DESCRIPTION OF THE TASK: Lines before the one containing "Constant : Constant" are left out. Retype that line and the rest through the end of the material exactly.

RECORDS FOR PROCESSING:
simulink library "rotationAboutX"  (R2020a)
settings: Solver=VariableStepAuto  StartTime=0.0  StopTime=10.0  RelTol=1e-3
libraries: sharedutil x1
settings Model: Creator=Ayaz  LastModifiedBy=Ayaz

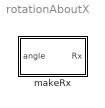
== system rotationAboutX ==
  makeRx : Subsystem

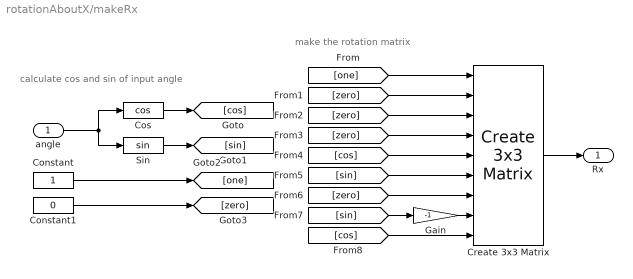
== system rotationAboutX/makeRx ==
  note: make the rotation matrix
  note: calculate cos and sin of input angle
  angle : Inport
  Constant : Constant  VectorParams1D=off
  Constant1 : Constant  Value=0  VectorParams1D=off
  Cos : Trigonometry  Operator=cos
  Create 3x3 Matrix : sharedutil/Create 3x3 Matrix  aMode=aMode
      settings: SourceProductBaseCode=AE,PW,MT,VE,VP
  Gain : Gain  Gain=-1
  Sin : Trigonometry
  Rx : Outport
  wires:
  angle/1 -> Sin/1, Cos/1
  Cos/1 -> [cos]
  Sin/1 -> [sin]
  Constant/1 -> [one]
  Constant1/1 -> [zero]
  [one] -> Create 3x3 Matrix/1
  [zero] -> Create 3x3 Matrix/2
  [zero] -> Create 3x3 Matrix/3
  [zero] -> Create 3x3 Matrix/4
  [cos] -> Create 3x3 Matrix/5
  [sin] -> Create 3x3 Matrix/6
  [zero] -> Create 3x3 Matrix/7
  [sin] -> Gain/1
  Gain/1 -> Create 3x3 Matrix/8
  [cos] -> Create 3x3 Matrix/9
  Create 3x3 Matrix/1 -> Rx/1

EXERCISE SOLUTION:
  Constant : Constant  VectorParams1D=off
  Constant1 : Constant  Value=0  VectorParams1D=off
  Cos : Trigonometry  Operator=cos
  Create 3x3 Matrix : sharedutil/Create 3x3 Matrix  aMode=aMode
      settings: SourceProductBaseCode=AE,PW,MT,VE,VP
  Gain : Gain  Gain=-1
  Sin : Trigonometry
  Rx : Outport
  wires:
  angle/1 -> Sin/1, Cos/1
  Cos/1 -> [cos]
  Sin/1 -> [sin]
  Constant/1 -> [one]
  Constant1/1 -> [zero]
  [one] -> Create 3x3 Matrix/1
  [zero] -> Create 3x3 Matrix/2
  [zero] -> Create 3x3 Matrix/3
  [zero] -> Create 3x3 Matrix/4
  [cos] -> Create 3x3 Matrix/5
  [sin] -> Create 3x3 Matrix/6
  [zero] -> Create 3x3 Matrix/7
  [sin] -> Gain/1
  Gain/1 -> Create 3x3 Matrix/8
  [cos] -> Create 3x3 Matrix/9
  Create 3x3 Matrix/1 -> Rx/1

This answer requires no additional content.